Then the test codeword is formed as reconstructed codeword C={C i }:
 
0111001000110011
 
1010011010011111
 
         
       
     
  
   The test codeword C is such that HC T =0, and the decoding is ended with the decoding considered as successful. Iterations 3-5 are not needed in this example, and the iterations are terminated. Though a second value was selected and scheduled for use in iterations 4 and 5, it was not needed. This example of an implementation of an embodiment for a multiple threshold decoding scheme and is not intended as a limitation to the various embodiments of the present invention. 
   Various embodiments for decoding a received codeword using a multi-valued threshold can be applied to any low density parity check code.

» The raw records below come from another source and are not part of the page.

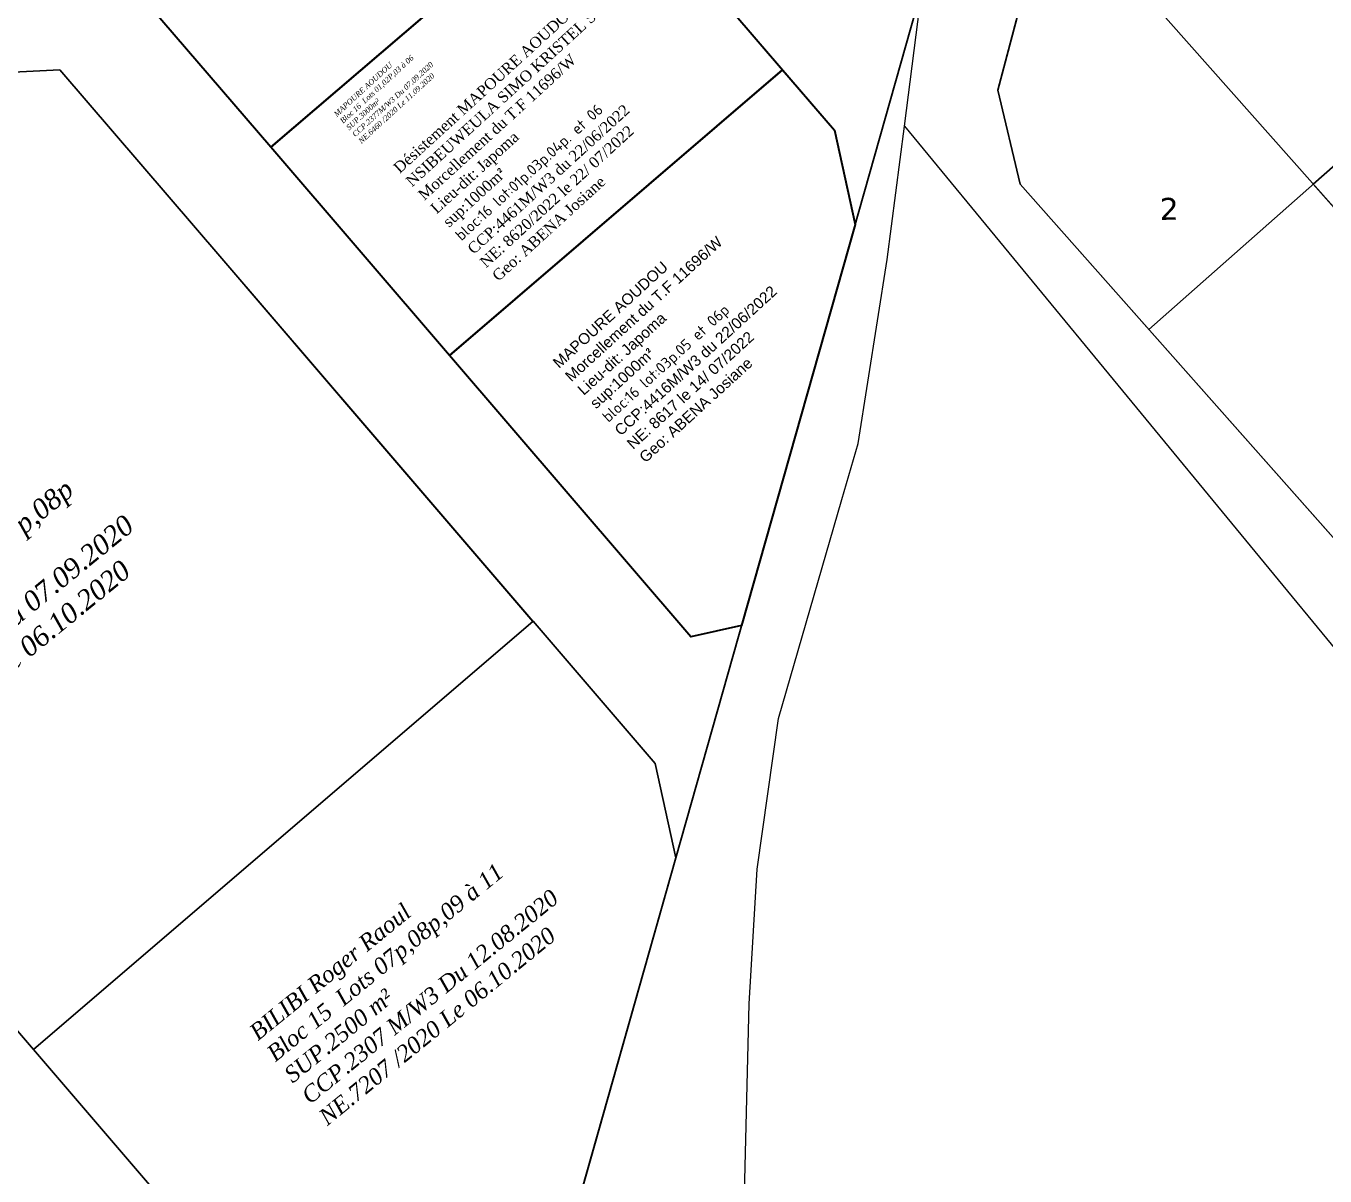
# Model space of a CAD drawing. Header units: millimetres. Extents: x 587399 to 927168, y 438565 to 1444955.
# Drawn here: x 591651.7 to 591770.1, y 444784.2 to 444889.1 of the extents above; entities that cross this region are included whole.
import ezdxf
from ezdxf.enums import TextEntityAlignment as Align

# ---------------------------------------------------------------- set-up
doc = ezdxf.new("R2010")
doc.units = ezdxf.units.MM
doc.header["$LTSCALE"] = 2
for name, color, linetype in [('end maj 26 02 2021', 7, 'Continuous'), ('MAJ_AVRIL_2021', 7, 'Continuous'), ('Parcelle MAJ', 6, 'Continuous')]:
    doc.layers.add(name, color=color, linetype=linetype)
doc.layers.add('Roads_others', color=24, linetype='Continuous', lineweight=9)
doc.styles.get("Standard").update_dxf_attribs({"font": 'arial.ttf'})
doc.styles.add('Times 1.0', font='times.ttf', dxfattribs={"width": 0.99, "height": 1})
doc.styles.add('Verdana 1.0', font='verdana.ttf', dxfattribs={"width": 0.99, "height": 1})

msp = doc.modelspace()

# ---------------------------------------------------------------- linework, layer by layer
at = {"color": 30, "lineweight": 5, "flags": 128}
msp.add_lwpolyline([(591689.755, 444921.179), (591704.407, 444904.096), (591674.046, 444878.054), (591660.733, 444893.575), (591660.349, 444901.465), (591667.6, 444911.807), (591668.487, 444915.255), (591674.574, 444908.158), (591689.755, 444921.179)], dxfattribs=at)
msp.add_lwpolyline([(591689.755, 444921.179), (591704.407, 444904.096), (591674.046, 444878.054), (591660.733, 444893.575), (591660.349, 444901.465), (591667.6, 444911.807), (591668.487, 444915.255), (591674.574, 444908.158), (591689.755, 444921.179)], dxfattribs=at)
msp.add_lwpolyline([(591689.755, 444921.179), (591704.407, 444904.096), (591674.046, 444878.054), (591660.733, 444893.575), (591660.349, 444901.465), (591667.6, 444911.807), (591668.487, 444915.255), (591674.574, 444908.158), (591689.755, 444921.179)], dxfattribs=at)
at = {"flags": 128}
msp.add_lwpolyline([(591689.755, 444921.179), (591704.407, 444904.096), (591674.046, 444878.054), (591660.733, 444893.575), (591660.349, 444901.465), (591667.6, 444911.807), (591668.487, 444915.255), (591674.574, 444908.158)], close=True, dxfattribs=at)
at = {"color": 30, "flags": 128}
msp.add_lwpolyline([(591704.407, 444904.096), (591720.683, 444885.12), (591690.322, 444859.078), (591674.046, 444878.054)], close=True, dxfattribs=at)
msp.add_lwpolyline([(591704.407, 444904.096), (591720.683, 444885.12), (591690.322, 444859.078), (591674.046, 444878.054)], close=True, dxfattribs=at)
msp.add_lwpolyline([(591704.407, 444904.096), (591720.683, 444885.12), (591690.322, 444859.078), (591674.046, 444878.054)], close=True, dxfattribs=at)
msp.add_lwpolyline([(591690.322, 444859.078), (591720.683, 444885.12), (591725.398, 444879.623), (591727.292, 444871.017), (591716.948, 444834.438), (591712.327, 444833.421), (591690.322, 444859.078)], dxfattribs=at)
msp.add_lwpolyline([(591690.322, 444859.078), (591720.683, 444885.12), (591725.398, 444879.623), (591727.292, 444871.017), (591716.948, 444834.438), (591712.327, 444833.421), (591690.322, 444859.078)], dxfattribs=at)
msp.add_lwpolyline([(591690.322, 444859.078), (591720.683, 444885.12), (591725.398, 444879.623), (591727.292, 444871.017), (591716.948, 444834.438), (591712.327, 444833.421), (591690.322, 444859.078)], dxfattribs=at)
at = {"layer": 'end maj 26 02 2021', "linetype": 'ByBlock', "lineweight": -3, "ltscale": 0.0014}
for p, q in [((591740.289, 444883.274), (591745.174, 444901.644)), ((591770.639, 444842.719), (591742.319, 444874.699))]:
    msp.add_line(p, q, dxfattribs=at)
at = {"layer": 'end maj 26 02 2021', "color": 7, "linetype": 'ByBlock', "lineweight": -3, "ltscale": 0.0014}
msp.add_line((591745.174, 444901.644), (591802.186, 444837.262), dxfattribs=at)
at = {"layer": 'end maj 26 02 2021', "color": 7, "linetype": 'ByBlock'}
msp.add_line((591784.011, 444887.953), (591754.065, 444861.435), dxfattribs=at)
at = {"layer": 'end maj 26 02 2021', "color": 7, "linetype": 'ByBlock', "ltscale": 0.0014}
msp.add_line((591769.038, 444874.694), (591784.011, 444887.953), dxfattribs=at)
at = {"layer": 'end maj 26 02 2021', "color": 6, "linetype": 'ByBlock', "lineweight": -3, "ltscale": 0.0014}
msp.add_line((591742.319, 444874.699), (591740.289, 444883.274), dxfattribs=at)
at = {"layer": 'end maj 26 02 2021', "color": 3, "flags": 128}
msp.add_lwpolyline([(591874.456, 444998.939), (591843.421, 444931.555), (591839.95, 444859.828), (591823.748, 444627.747), (591849.139, 444580.95), (591929.931, 444466.068), (591959.557, 444438.385), (592091.822, 444398.082), (592072.215, 444327.865), (591903.957, 444291.158), (591658.989, 444284.208), (591608.839, 444293.269), (591518.957, 444346.158), (591503.907, 444347.982), (591496.814, 444355.823), (591496.453, 444373.421), (591520.208, 444475.348), (591523.321, 444520.978), (591650.649, 444630.187), (591591.726, 444687.985), (591637.449, 444725.167), (591690.907, 444742.417), (591737.168, 444905.939), (591770.073, 444989.463)], dxfattribs=at)
msp.add_lwpolyline([(591874.456, 444998.939), (591843.421, 444931.555), (591839.95, 444859.828), (591823.748, 444627.747), (591849.139, 444580.95), (591929.931, 444466.068), (591959.557, 444438.385), (592091.822, 444398.082), (592072.215, 444327.865), (591903.957, 444291.158), (591658.989, 444284.208), (591608.839, 444293.269), (591518.957, 444346.158), (591503.907, 444347.982), (591496.814, 444355.823), (591496.453, 444373.421), (591520.208, 444475.348), (591523.321, 444520.978), (591650.649, 444630.187), (591591.726, 444687.985), (591637.449, 444725.167), (591690.907, 444742.417), (591737.168, 444905.939), (591770.073, 444989.463)], dxfattribs=at)
at = {"layer": 'end maj 26 02 2021', "color": 6, "linetype": 'ByBlock', "lineweight": -3, "ltscale": 0.0014, "flags": 128}
msp.add_lwpolyline([(591770.073, 444989.463), (591737.168, 444905.939), (591690.907, 444742.417), (591637.449, 444725.167), (591591.726, 444687.985), (591547.534, 444652.048), (591484.721, 444586.54), (591374.436, 444474.456), (591285.46, 444485.64)], dxfattribs=at)
msp.add_lwpolyline([(591770.073, 444989.463), (591737.168, 444905.939), (591690.907, 444742.417), (591637.449, 444725.167), (591591.726, 444687.985), (591547.534, 444652.048), (591484.721, 444586.54), (591374.436, 444474.456), (591285.46, 444485.64)], dxfattribs=at)
msp.add_lwpolyline([(591770.073, 444989.463), (591737.168, 444905.939), (591690.907, 444742.417), (591637.449, 444725.167), (591591.726, 444687.985), (591547.534, 444652.048), (591484.721, 444586.54), (591374.436, 444474.456), (591285.46, 444485.64)], dxfattribs=at)
msp.add_lwpolyline([(591770.073, 444989.463), (591737.168, 444905.939), (591690.907, 444742.417), (591637.449, 444725.167), (591591.726, 444687.985), (591547.534, 444652.048), (591484.721, 444586.54), (591374.436, 444474.456), (591285.46, 444485.64)], dxfattribs=at)
at = {"layer": 'end maj 26 02 2021', "color": 150, "linetype": 'ByBlock', "lineweight": -3, "ltscale": 0.0014, "flags": 128}
for points in [[(591689.755, 444921.179), (591699.744, 444909.3), (591716.22, 444890.324), (591725.398, 444879.623), (591727.292, 444871.017), (591722.117, 444852.73), (591716.948, 444834.438), (591712.327, 444833.421), (591692.368, 444856.691), (591676.092, 444875.668), (591660.733, 444893.575), (591660.348, 444901.465), (591667.6, 444911.807), (591668.487, 444915.255), (591674.574, 444908.158)], [(591689.755, 444921.179), (591699.744, 444909.3), (591716.22, 444890.324), (591725.398, 444879.623), (591727.292, 444871.017), (591722.117, 444852.73), (591716.948, 444834.438), (591712.327, 444833.421), (591692.368, 444856.691), (591676.092, 444875.668), (591660.733, 444893.575), (591660.348, 444901.465), (591667.6, 444911.807), (591668.487, 444915.255), (591674.574, 444908.158)], [(591689.755, 444921.179), (591699.744, 444909.3), (591716.22, 444890.324), (591725.398, 444879.623), (591727.292, 444871.017), (591722.117, 444852.73), (591716.948, 444834.438), (591712.327, 444833.421), (591692.368, 444856.691), (591676.092, 444875.668), (591660.733, 444893.575), (591660.348, 444901.465), (591667.6, 444911.807), (591668.487, 444915.255), (591674.574, 444908.158)], [(591689.755, 444921.179), (591699.744, 444909.3), (591716.22, 444890.324), (591725.398, 444879.623), (591727.292, 444871.017), (591722.117, 444852.73), (591716.948, 444834.438), (591712.327, 444833.421), (591692.368, 444856.691), (591676.092, 444875.668), (591660.733, 444893.575), (591660.348, 444901.465), (591667.6, 444911.807), (591668.487, 444915.255), (591674.574, 444908.158)], [(591654.81, 444885.12), (591669.57, 444867.911), (591682.591, 444852.7), (591697.921, 444834.826), (591675.165, 444815.308), (591652.394, 444795.776), (591637.048, 444813.668), (591624.027, 444828.849), (591619.256, 444834.412), (591618.871, 444842.301), (591633.778, 444863.561), (591648.685, 444884.821), (591654.81, 444885.12)], [(591654.81, 444885.12), (591669.57, 444867.911), (591682.591, 444852.7), (591697.921, 444834.826), (591675.165, 444815.308), (591652.394, 444795.776), (591637.048, 444813.668), (591624.027, 444828.849), (591619.256, 444834.412), (591618.871, 444842.301), (591633.778, 444863.561), (591648.685, 444884.821), (591654.81, 444885.12)], [(591654.81, 444885.12), (591669.57, 444867.911), (591682.591, 444852.7), (591697.921, 444834.826), (591675.165, 444815.308), (591652.394, 444795.776), (591637.048, 444813.668), (591624.027, 444828.849), (591619.256, 444834.412), (591618.871, 444842.301), (591633.778, 444863.561), (591648.685, 444884.821), (591654.81, 444885.12)], [(591654.81, 444885.12), (591669.57, 444867.911), (591682.591, 444852.7), (591697.921, 444834.826), (591675.165, 444815.308), (591652.394, 444795.776), (591637.048, 444813.668), (591624.027, 444828.849), (591619.256, 444834.412), (591618.871, 444842.301), (591633.778, 444863.561), (591648.685, 444884.821), (591654.81, 444885.12)]]:
    msp.add_lwpolyline(points, close=True, dxfattribs=at)
at = {"layer": 'end maj 26 02 2021', "color": 7, "linetype": 'ByBlock', "ltscale": 0.0014, "flags": 128}
msp.add_lwpolyline([(591784.011, 444887.954), (591800.586, 444869.237), (591785.613, 444855.978), (591769.038, 444874.694)], close=True, dxfattribs=at)
at = {"layer": 'end maj 26 02 2021', "color": 150, "lineweight": -3, "flags": 128}
msp.add_lwpolyline([(591654.81, 444885.12), (591669.57, 444867.92), (591682.59, 444852.73), (591697.93, 444834.84)], dxfattribs=at)
msp.add_lwpolyline([(591654.81, 444885.12), (591669.57, 444867.92), (591682.59, 444852.73), (591697.93, 444834.84)], dxfattribs=at)
msp.add_lwpolyline([(591654.81, 444885.12), (591669.57, 444867.92), (591682.59, 444852.73), (591697.93, 444834.84)], dxfattribs=at)
msp.add_lwpolyline([(591654.81, 444885.12), (591669.57, 444867.92), (591682.59, 444852.73), (591697.93, 444834.84)], dxfattribs=at)
msp.add_lwpolyline([(591697.934, 444834.842), (591709.059, 444821.871), (591710.953, 444813.264), (591694.075, 444753.586), (591689.453, 444752.569), (591652.391, 444795.78)], close=True, dxfattribs=at)
msp.add_lwpolyline([(591697.934, 444834.842), (591709.059, 444821.871), (591710.953, 444813.264), (591694.075, 444753.586), (591689.453, 444752.569), (591652.391, 444795.78)], close=True, dxfattribs=at)
msp.add_lwpolyline([(591697.934, 444834.842), (591709.059, 444821.871), (591710.953, 444813.264), (591694.075, 444753.586), (591689.453, 444752.569), (591652.391, 444795.78)], close=True, dxfattribs=at)
msp.add_lwpolyline([(591697.934, 444834.842), (591709.059, 444821.871), (591710.953, 444813.264), (591694.075, 444753.586), (591689.453, 444752.569), (591652.391, 444795.78)], close=True, dxfattribs=at)
at = {"layer": 'MAJ_AVRIL_2021', "color": 150, "lineweight": -3}
msp.add_line((591654.807, 444885.124), (591669.567, 444867.915), dxfattribs=at)
msp.add_line((591654.807, 444885.124), (591669.567, 444867.915), dxfattribs=at)
at = {"layer": 'Parcelle MAJ', "color": 6, "lineweight": 30, "flags": 128}
for points in [[(591689.755, 444921.179), (591704.407, 444904.096), (591674.046, 444878.054), (591660.733, 444893.575), (591660.349, 444901.465), (591667.6, 444911.807), (591668.487, 444915.255), (591674.574, 444908.158)], [(591689.755, 444921.179), (591704.407, 444904.096), (591674.046, 444878.054), (591660.733, 444893.575), (591660.349, 444901.465), (591667.6, 444911.807), (591668.487, 444915.255), (591674.574, 444908.158)], [(591704.407, 444904.096), (591720.683, 444885.12), (591690.322, 444859.078), (591674.046, 444878.054)], [(591720.683, 444885.12), (591725.398, 444879.623), (591727.292, 444871.017), (591716.948, 444834.438), (591712.327, 444833.421), (591690.322, 444859.078)]]:
    msp.add_lwpolyline(points, close=True, dxfattribs=at)
at = {"layer": 'Parcelle MAJ', "color": 7, "lineweight": 25, "ltscale": 0.0014, "flags": 128}
msp.add_lwpolyline([(591756.441, 444919.097), (591826.491, 444839.983), (591829.537, 444831.247), (591827.467, 444792.862), (591824.105, 444789.885), (591817.047, 444790.313), (591742.319, 444874.699), (591740.289, 444883.274), (591745.173, 444901.644), (591751.36, 444918.158)], close=True, dxfattribs=at)
at = {"layer": 'Roads_others'}
for points in [[(591524.074, 444520.229), (591528.385, 444528.071), (591534.34, 444534.589), (591603.498, 444593.514), (591656.762, 444637.499), (591713.285, 444686.805), (591716.328, 444696.492), (591717, 444701.743), (591715.927, 444730.728), (591717.645, 444799.943), (591718.376, 444812.215), (591720.294, 444825.969), (591726.08, 444845.939), (591727.562, 444851.048), (591730.22, 444867.832), (591731.784, 444879.993), (591734.064, 444897.86), (591735.247, 444903.333), (591739.709, 444914.581), (591743.719, 444922.865), (591752.19, 444933.817), (591756.656, 444941.361), (591767.938, 444970.955)], [(591731.784, 444879.993), (591804.299, 444791.895), (591806.681, 444785.828), (591807.889, 444777.405), (591803.568, 444769.044), (591737.31, 444707.678), (591728.482, 444699.124)]]:
    msp.add_lwpolyline(points, dxfattribs=at)

# ---------------------------------------------------------------- texts
at = {"char_height": 1, "width": 34.03498, "attachment_point": 1, "rotation": 42.43389}
for s, insert in [('\\A1;{\\fTimes New Roman|b0|i0|c0|p18;\\C1;Désistement MAPOURE AOUDOU\\P\\C256;NSIBEUWEULA SIMO KRISTEL Salomon \\P\\C1;Morcellement du T.F 11696/W\\P\\C256;Lieu-dit: Japoma \\Psup:1000m\\fISOCPEUR|b0|i0|c0|p34;²\\Pbloc:16 lot:01p.03p.04p. et 06\\P\\fTimes New Roman|b0|i0|c0|p18;CCP:4461M/W3 du 22/06/2022\\PNE: 8620/2022 le 22/ 07/2022\\P\\C1;Geo: ABENA Josiane}', (591685.105, 444876.358)), ('\\A1;MAPOURE AOUDOU\\P{\\C1;Morcellement du T.F 11696/W\\P}Lieu-dit: Japoma \\Psup:1000m{\\fISOCPEUR|b0|i0|c0|p34;²\\Pbloc:16 lot:03p.05 et 06p\\P}CCP:4416M/W3 du 22/06/2022\\PNE: 8617 le 14/ 07/2022\\P{\\C1;Geo: ABENA Josiane}', (591699.63, 444858.575))]:
    msp.add_mtext(s, dxfattribs=dict(at, insert=insert))
at = {"layer": 'end maj 26 02 2021', "color": 7, "linetype": 'ByBlock', "style": 'Verdana 1.0', "width": 0.99}
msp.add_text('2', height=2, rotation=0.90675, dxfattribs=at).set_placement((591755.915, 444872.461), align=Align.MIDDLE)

In such embodiments, as the weight of the parity check weight is decreased, the decoding quality is increased. These embodiments may be applied in a method providing small complexity to the decoding scheme. Various combinations for providing the multiple threshold values during the iteration process can be used depending on the allowable complexity desired for a given application. Additional reduction in complexity is provided using embodiments of the multiple-threshold decoding method since these embodiments can be operate in hardware implementations without floating point numbers, which eliminates complexity and expense. Embodiments for a multiple-threshold decoding scheme allows for pipeline and/or parallel processing in hardware implementations since the use of a multi-valued threshold can provide a fast decoding scheme. 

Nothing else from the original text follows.